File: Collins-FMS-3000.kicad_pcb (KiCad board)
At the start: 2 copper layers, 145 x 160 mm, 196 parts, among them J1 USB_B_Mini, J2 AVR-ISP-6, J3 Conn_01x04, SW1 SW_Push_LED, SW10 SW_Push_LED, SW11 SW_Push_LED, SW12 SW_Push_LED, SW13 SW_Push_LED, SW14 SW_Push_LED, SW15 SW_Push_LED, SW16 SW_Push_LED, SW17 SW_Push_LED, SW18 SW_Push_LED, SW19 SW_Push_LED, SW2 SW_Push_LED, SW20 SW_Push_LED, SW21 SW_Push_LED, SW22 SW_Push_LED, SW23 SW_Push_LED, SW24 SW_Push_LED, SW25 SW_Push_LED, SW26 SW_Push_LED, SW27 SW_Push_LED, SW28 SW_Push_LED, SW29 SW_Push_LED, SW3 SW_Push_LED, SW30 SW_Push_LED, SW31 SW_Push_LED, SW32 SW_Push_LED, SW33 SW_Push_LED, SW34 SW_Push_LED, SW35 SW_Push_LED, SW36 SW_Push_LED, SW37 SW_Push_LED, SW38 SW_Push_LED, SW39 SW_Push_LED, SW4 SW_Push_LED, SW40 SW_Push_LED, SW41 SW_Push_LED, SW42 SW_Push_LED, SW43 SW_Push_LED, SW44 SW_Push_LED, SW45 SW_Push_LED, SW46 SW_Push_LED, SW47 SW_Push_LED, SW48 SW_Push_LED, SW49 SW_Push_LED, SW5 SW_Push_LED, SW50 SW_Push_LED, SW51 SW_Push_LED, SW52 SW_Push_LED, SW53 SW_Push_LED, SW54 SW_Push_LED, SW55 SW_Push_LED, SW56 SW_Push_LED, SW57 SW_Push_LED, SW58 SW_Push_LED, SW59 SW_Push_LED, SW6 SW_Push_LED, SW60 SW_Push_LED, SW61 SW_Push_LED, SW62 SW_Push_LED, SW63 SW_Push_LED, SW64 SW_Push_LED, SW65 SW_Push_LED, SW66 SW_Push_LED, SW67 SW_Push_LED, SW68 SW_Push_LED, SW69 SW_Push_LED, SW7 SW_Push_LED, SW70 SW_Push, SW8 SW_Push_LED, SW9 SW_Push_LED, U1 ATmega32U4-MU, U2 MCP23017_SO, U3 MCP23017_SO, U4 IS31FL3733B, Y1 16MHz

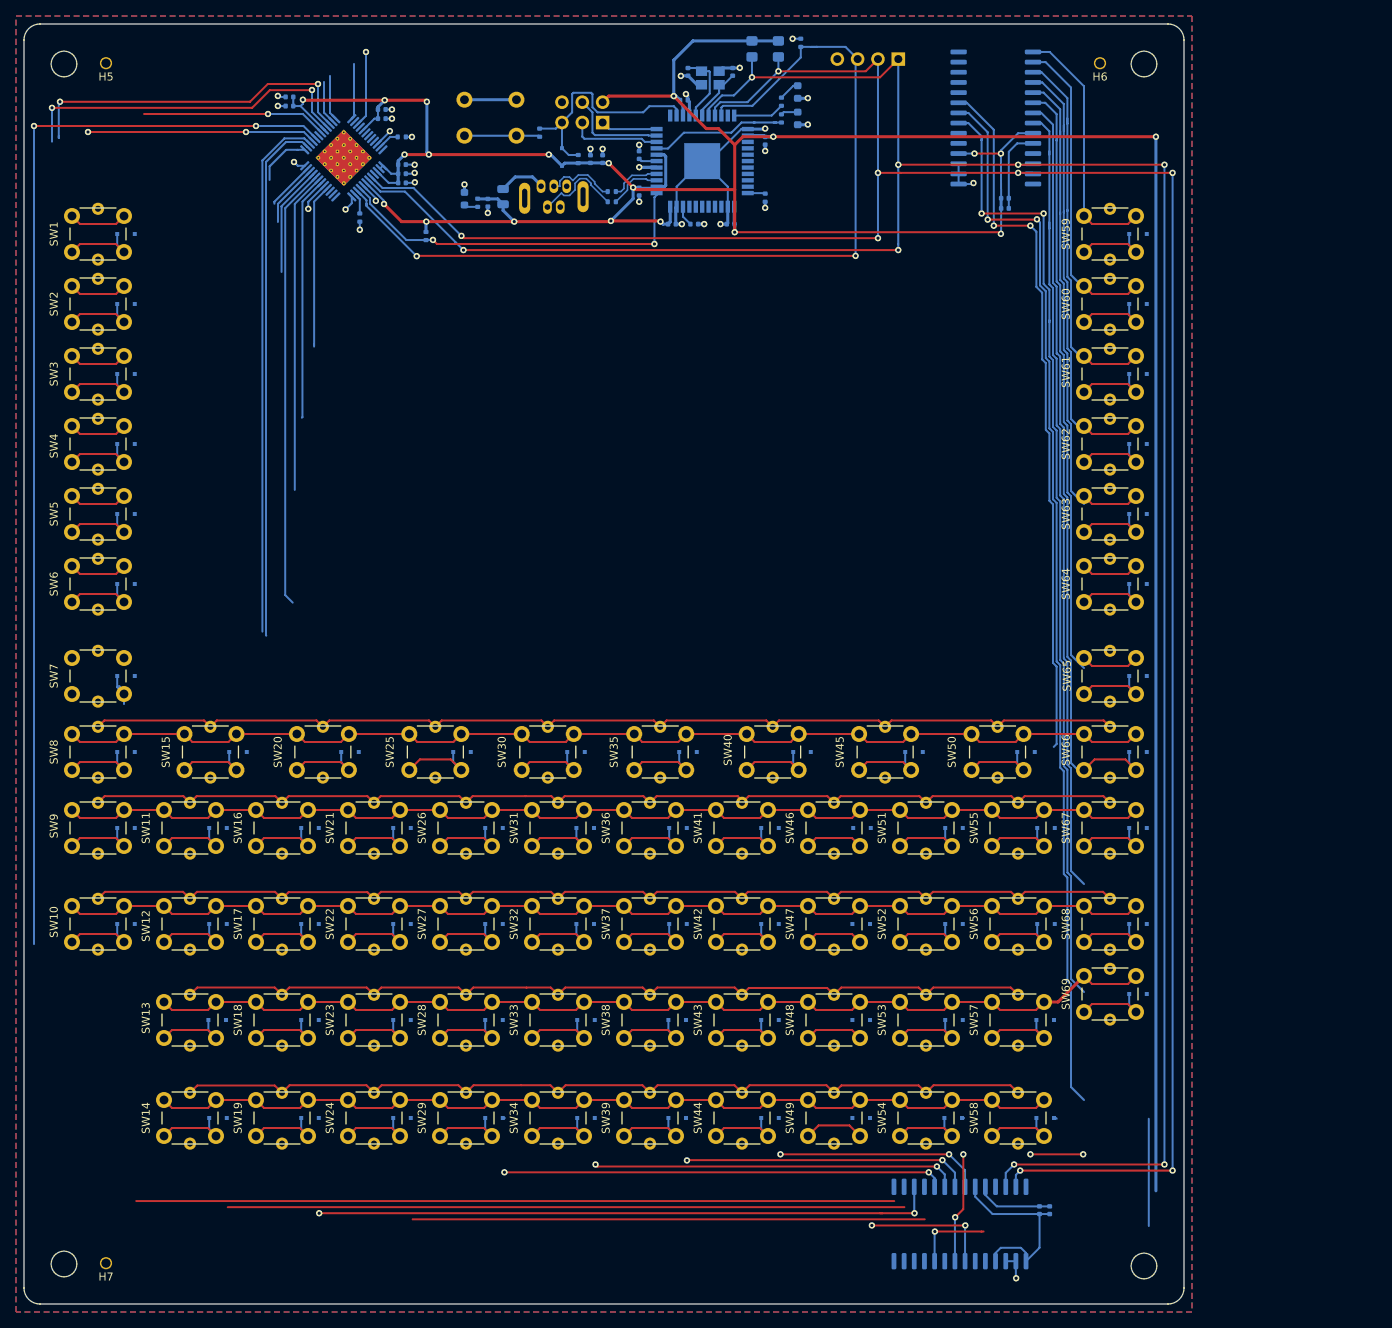
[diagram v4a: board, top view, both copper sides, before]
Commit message: Remove diodes, update interrupt connections
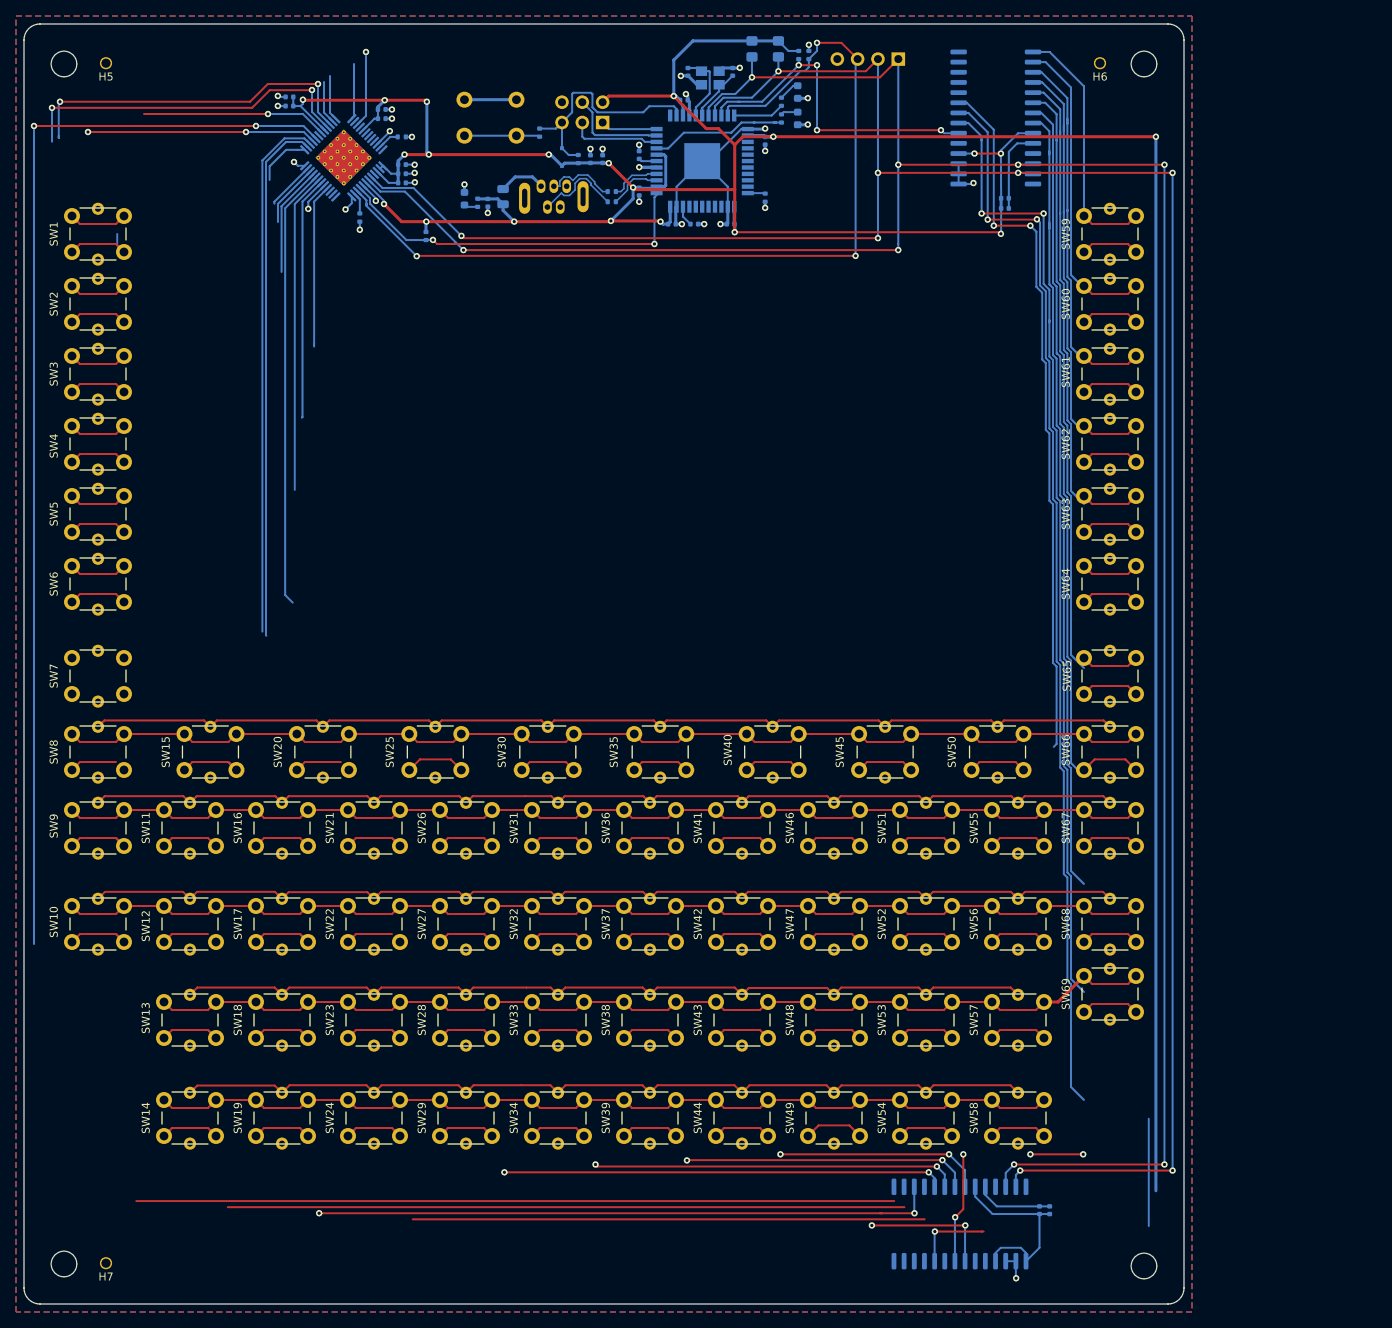
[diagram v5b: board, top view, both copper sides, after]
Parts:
- removed D1, D10, D11, D12, D13, D14, D15, D16, D17, D18, D19, D2, D20, D21, D22, D23, D24, D25, D26, D27, D28, D29, D3, D30, D31, D32, D33, D34, D35, D36, D37, D38, D39, D4, D40, D41, D42, D43, D44, D45, D46, D47, D48, D49, D5, D50, D51, D52, D53, D54, D55, D56, D57, D58, D59, D6, D60, D61, D62, D63, D64, D65, D66, D67, D68, D69, D7, D8, D9: D_Small, Diode_SMD:D_SOD-323F
- added R5: 100k, Resistor_SMD:R_0402_1005Metric, B.Cu at (116.8, 23.9)
- moved R3 1.83 mm to (118.1, 23.9)
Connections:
- net INTB renamed LED_INTB
- SW1 pad 2: Net-(D1-Pad2) -> /ButtonMatrix/COL0
- SW10 pad 2: Net-(D10-Pad2) -> /ButtonMatrix/COL0
- SW11 pad 2: Net-(D11-Pad2) -> /ButtonMatrix/COL1
- SW12 pad 2: Net-(D12-Pad2) -> /ButtonMatrix/COL1
- SW13 pad 2: Net-(D13-Pad2) -> /ButtonMatrix/COL1
- SW14 pad 2: Net-(D14-Pad2) -> /ButtonMatrix/COL1
- SW15 pad 2: Net-(D15-Pad2) -> /ButtonMatrix/COL2
- SW16 pad 2: Net-(D16-Pad2) -> /ButtonMatrix/COL2
- SW17 pad 2: Net-(D17-Pad2) -> /ButtonMatrix/COL2
- SW18 pad 2: Net-(D18-Pad2) -> /ButtonMatrix/COL2
- SW19 pad 2: Net-(D19-Pad2) -> /ButtonMatrix/COL2
- SW2 pad 2: Net-(D2-Pad2) -> /ButtonMatrix/COL0
- SW20 pad 2: Net-(D20-Pad2) -> /ButtonMatrix/COL3
- SW21 pad 2: Net-(D21-Pad2) -> /ButtonMatrix/COL3
- SW22 pad 2: Net-(D22-Pad2) -> /ButtonMatrix/COL3
- SW23 pad 2: Net-(D23-Pad2) -> /ButtonMatrix/COL3
- SW24 pad 2: Net-(D24-Pad2) -> /ButtonMatrix/COL3
- SW25 pad 2: Net-(D25-Pad2) -> /ButtonMatrix/COL4
- SW26 pad 2: Net-(D26-Pad2) -> /ButtonMatrix/COL4
- SW27 pad 2: Net-(D27-Pad2) -> /ButtonMatrix/COL4
- SW28 pad 2: Net-(D28-Pad2) -> /ButtonMatrix/COL4
- SW29 pad 2: Net-(D29-Pad2) -> /ButtonMatrix/COL4
- SW3 pad 2: Net-(D3-Pad2) -> /ButtonMatrix/COL0
- SW30 pad 2: Net-(D30-Pad2) -> /ButtonMatrix/COL5
- SW31 pad 2: Net-(D31-Pad2) -> /ButtonMatrix/COL5
- SW32 pad 2: Net-(D32-Pad2) -> /ButtonMatrix/COL5
- SW33 pad 2: Net-(D33-Pad2) -> /ButtonMatrix/COL5
- SW34 pad 2: Net-(D34-Pad2) -> /ButtonMatrix/COL5
- SW35 pad 2: Net-(D35-Pad2) -> /ButtonMatrix/COL6
- SW36 pad 2: Net-(D36-Pad2) -> /ButtonMatrix/COL6
- SW37 pad 2: Net-(D37-Pad2) -> /ButtonMatrix/COL6
- SW38 pad 2: Net-(D38-Pad2) -> /ButtonMatrix/COL6
- SW39 pad 2: Net-(D39-Pad2) -> /ButtonMatrix/COL6
- SW4 pad 2: Net-(D4-Pad2) -> /ButtonMatrix/COL0
- SW40 pad 2: Net-(D40-Pad2) -> /ButtonMatrix/COL7
- SW41 pad 2: Net-(D41-Pad2) -> /ButtonMatrix/COL7
- SW42 pad 2: Net-(D42-Pad2) -> /ButtonMatrix/COL7
- SW43 pad 2: Net-(D43-Pad2) -> /ButtonMatrix/COL7
- SW44 pad 2: Net-(D44-Pad2) -> /ButtonMatrix/COL7
- SW45 pad 2: Net-(D45-Pad2) -> /ButtonMatrix/COL8
- SW46 pad 2: Net-(D46-Pad2) -> /ButtonMatrix/COL8
- SW47 pad 2: Net-(D47-Pad2) -> /ButtonMatrix/COL8
- SW48 pad 2: Net-(D48-Pad2) -> /ButtonMatrix/COL8
- SW49 pad 2: Net-(D49-Pad2) -> /ButtonMatrix/COL8
- SW5 pad 2: Net-(D5-Pad2) -> /ButtonMatrix/COL0
- SW50 pad 2: Net-(D50-Pad2) -> /ButtonMatrix/COL9
- SW51 pad 2: Net-(D51-Pad2) -> /ButtonMatrix/COL9
- SW52 pad 2: Net-(D52-Pad2) -> /ButtonMatrix/COL9
- SW53 pad 2: Net-(D53-Pad2) -> /ButtonMatrix/COL9
- SW54 pad 2: Net-(D54-Pad2) -> /ButtonMatrix/COL9
- SW55 pad 2: Net-(D55-Pad2) -> /ButtonMatrix/COL10
- SW56 pad 2: Net-(D56-Pad2) -> /ButtonMatrix/COL10
- SW57 pad 2: Net-(D57-Pad2) -> /ButtonMatrix/COL10
- SW58 pad 2: Net-(D58-Pad2) -> /ButtonMatrix/COL10
- SW59 pad 2: Net-(D59-Pad2) -> /ButtonMatrix/COL11
- SW6 pad 2: Net-(D6-Pad2) -> /ButtonMatrix/COL0
- SW60 pad 2: Net-(D60-Pad2) -> /ButtonMatrix/COL11
- SW61 pad 2: Net-(D61-Pad2) -> /ButtonMatrix/COL11
- SW62 pad 2: Net-(D62-Pad2) -> /ButtonMatrix/COL11
- SW63 pad 2: Net-(D63-Pad2) -> /ButtonMatrix/COL11
- SW64 pad 2: Net-(D64-Pad2) -> /ButtonMatrix/COL11
- SW65 pad 2: Net-(D65-Pad2) -> /ButtonMatrix/COL11
- SW66 pad 2: Net-(D66-Pad2) -> /ButtonMatrix/COL11
- SW67 pad 2: Net-(D67-Pad2) -> /ButtonMatrix/COL11
- SW68 pad 2: Net-(D68-Pad2) -> /ButtonMatrix/COL11
- SW69 pad 2: Net-(D69-Pad2) -> /ButtonMatrix/COL11
- SW7 pad 2: Net-(D7-Pad2) -> /ButtonMatrix/COL0
- SW8 pad 2: Net-(D8-Pad2) -> /ButtonMatrix/COL0
- SW9 pad 2: Net-(D9-Pad2) -> /ButtonMatrix/COL0
- U1 pad 20: SDB -> ROW_INTA
- U1 pad 21: Net-(U1-Pad21) -> SDB
- U2 pad 20: Net-(U2-Pad20) -> ROW_INTA
- U4 pad 43: +5V -> GND
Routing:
- net /ButtonMatrix/COL11: track 23.2 -> 97.5 mm
- net /ButtonMatrix/COL0: track 94.7 -> 164.6 mm
- net ROW_INTA: track 0.00 -> 42.1 mm, vias 0 -> 4
- net /ButtonMatrix/COL2: track 78.3 -> 118.6 mm
- net /ButtonMatrix/COL4: track 55.4 -> 94.6 mm
- net /ButtonMatrix/COL8: track 16.2 -> 53.1 mm
- net /ButtonMatrix/COL5: track 45.9 -> 82.6 mm
- net /ButtonMatrix/COL7: track 26.0 -> 62.7 mm
- net /ButtonMatrix/COL6: track 36.1 -> 72.8 mm
- net /ButtonMatrix/COL9: track 13.9 -> 50.4 mm
- net /ButtonMatrix/COL3: track 64.0 -> 100.2 mm
- net /ButtonMatrix/COL1: track 84.6 -> 113.8 mm
- net /ButtonMatrix/COL10: track 0.14 -> 29.3 mm
- net Net-(D69-Pad2): track 10.9 -> 0.00 mm
- net Net-(D25-Pad2): track 10.3 -> 0.00 mm
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
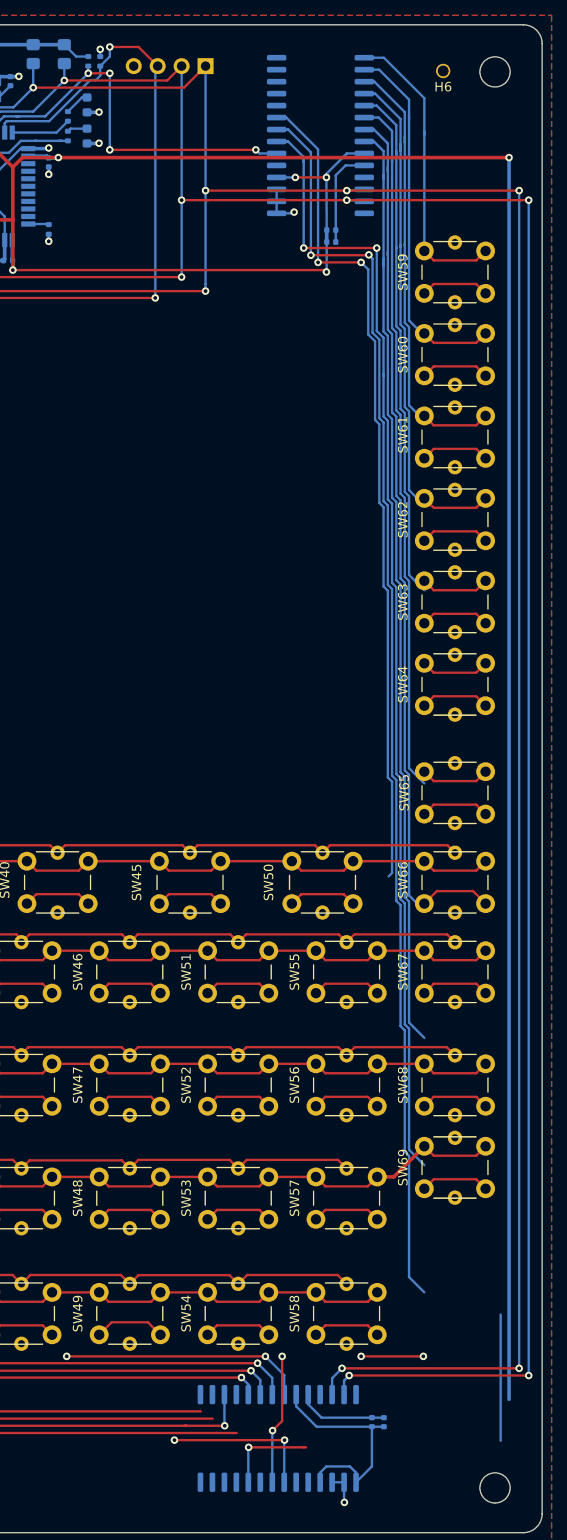
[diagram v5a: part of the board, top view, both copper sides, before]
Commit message: Connect unused pins
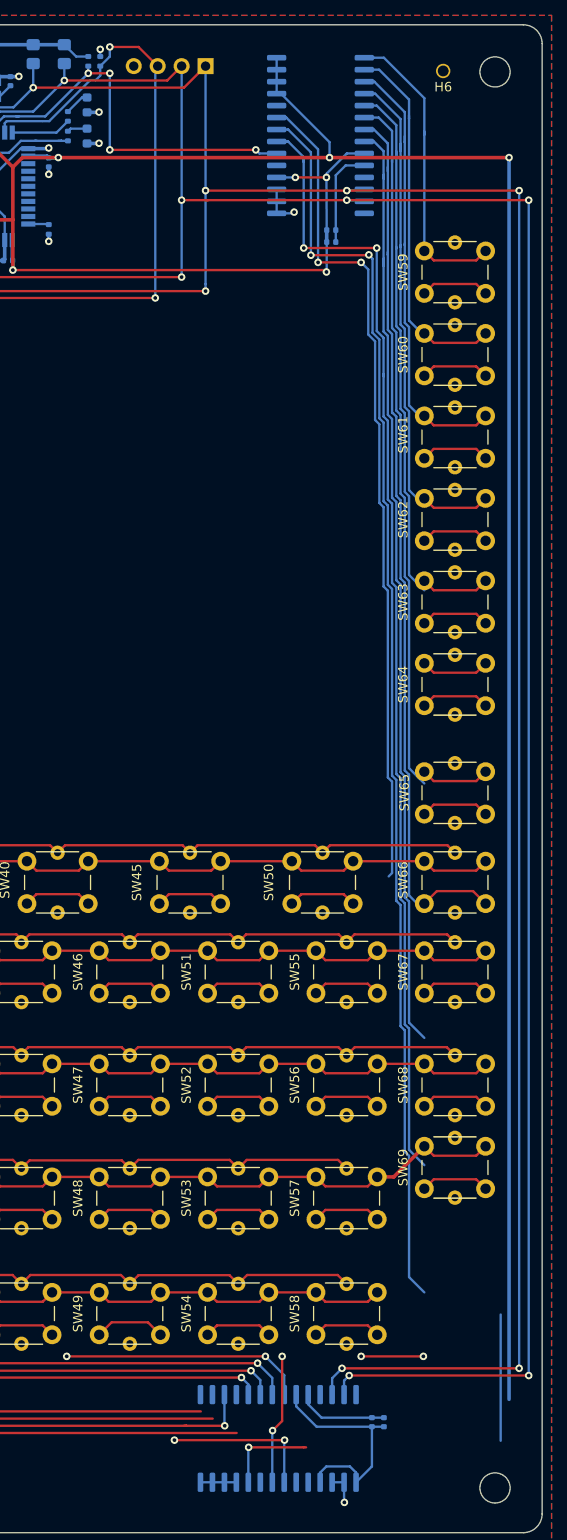
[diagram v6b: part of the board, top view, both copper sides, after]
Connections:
- U2 pad 25: Net-(U2-Pad25) -> +5V
- U2 pad 26: Net-(U2-Pad26) -> +5V
- U2 pad 27: Net-(U2-Pad27) -> +5V
- U2 pad 28: Net-(U2-Pad28) -> +5V
- U3 pad 25: Net-(U3-Pad25) -> +5V
- U3 pad 26: Net-(U3-Pad26) -> +5V
- U3 pad 27: Net-(U3-Pad27) -> +5V
- U3 pad 28: Net-(U3-Pad28) -> +5V
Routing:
- net +5V: track 482.7 -> 499.7 mm, vias 20 -> 21

* [Try it]:
Reproduce exactly the entries above, limited to the lines from the one with "- SW46 pad 2: Net-(D46-Pad2)" through the one with "- SW66 pad 2: Net-(D66-Pad2)", both included.

* [Exercise answer]:
- SW46 pad 2: Net-(D46-Pad2) -> /ButtonMatrix/COL8
- SW47 pad 2: Net-(D47-Pad2) -> /ButtonMatrix/COL8
- SW48 pad 2: Net-(D48-Pad2) -> /ButtonMatrix/COL8
- SW49 pad 2: Net-(D49-Pad2) -> /ButtonMatrix/COL8
- SW5 pad 2: Net-(D5-Pad2) -> /ButtonMatrix/COL0
- SW50 pad 2: Net-(D50-Pad2) -> /ButtonMatrix/COL9
- SW51 pad 2: Net-(D51-Pad2) -> /ButtonMatrix/COL9
- SW52 pad 2: Net-(D52-Pad2) -> /ButtonMatrix/COL9
- SW53 pad 2: Net-(D53-Pad2) -> /ButtonMatrix/COL9
- SW54 pad 2: Net-(D54-Pad2) -> /ButtonMatrix/COL9
- SW55 pad 2: Net-(D55-Pad2) -> /ButtonMatrix/COL10
- SW56 pad 2: Net-(D56-Pad2) -> /ButtonMatrix/COL10
- SW57 pad 2: Net-(D57-Pad2) -> /ButtonMatrix/COL10
- SW58 pad 2: Net-(D58-Pad2) -> /ButtonMatrix/COL10
- SW59 pad 2: Net-(D59-Pad2) -> /ButtonMatrix/COL11
- SW6 pad 2: Net-(D6-Pad2) -> /ButtonMatrix/COL0
- SW60 pad 2: Net-(D60-Pad2) -> /ButtonMatrix/COL11
- SW61 pad 2: Net-(D61-Pad2) -> /ButtonMatrix/COL11
- SW62 pad 2: Net-(D62-Pad2) -> /ButtonMatrix/COL11
- SW63 pad 2: Net-(D63-Pad2) -> /ButtonMatrix/COL11
- SW64 pad 2: Net-(D64-Pad2) -> /ButtonMatrix/COL11
- SW65 pad 2: Net-(D65-Pad2) -> /ButtonMatrix/COL11
- SW66 pad 2: Net-(D66-Pad2) -> /ButtonMatrix/COL11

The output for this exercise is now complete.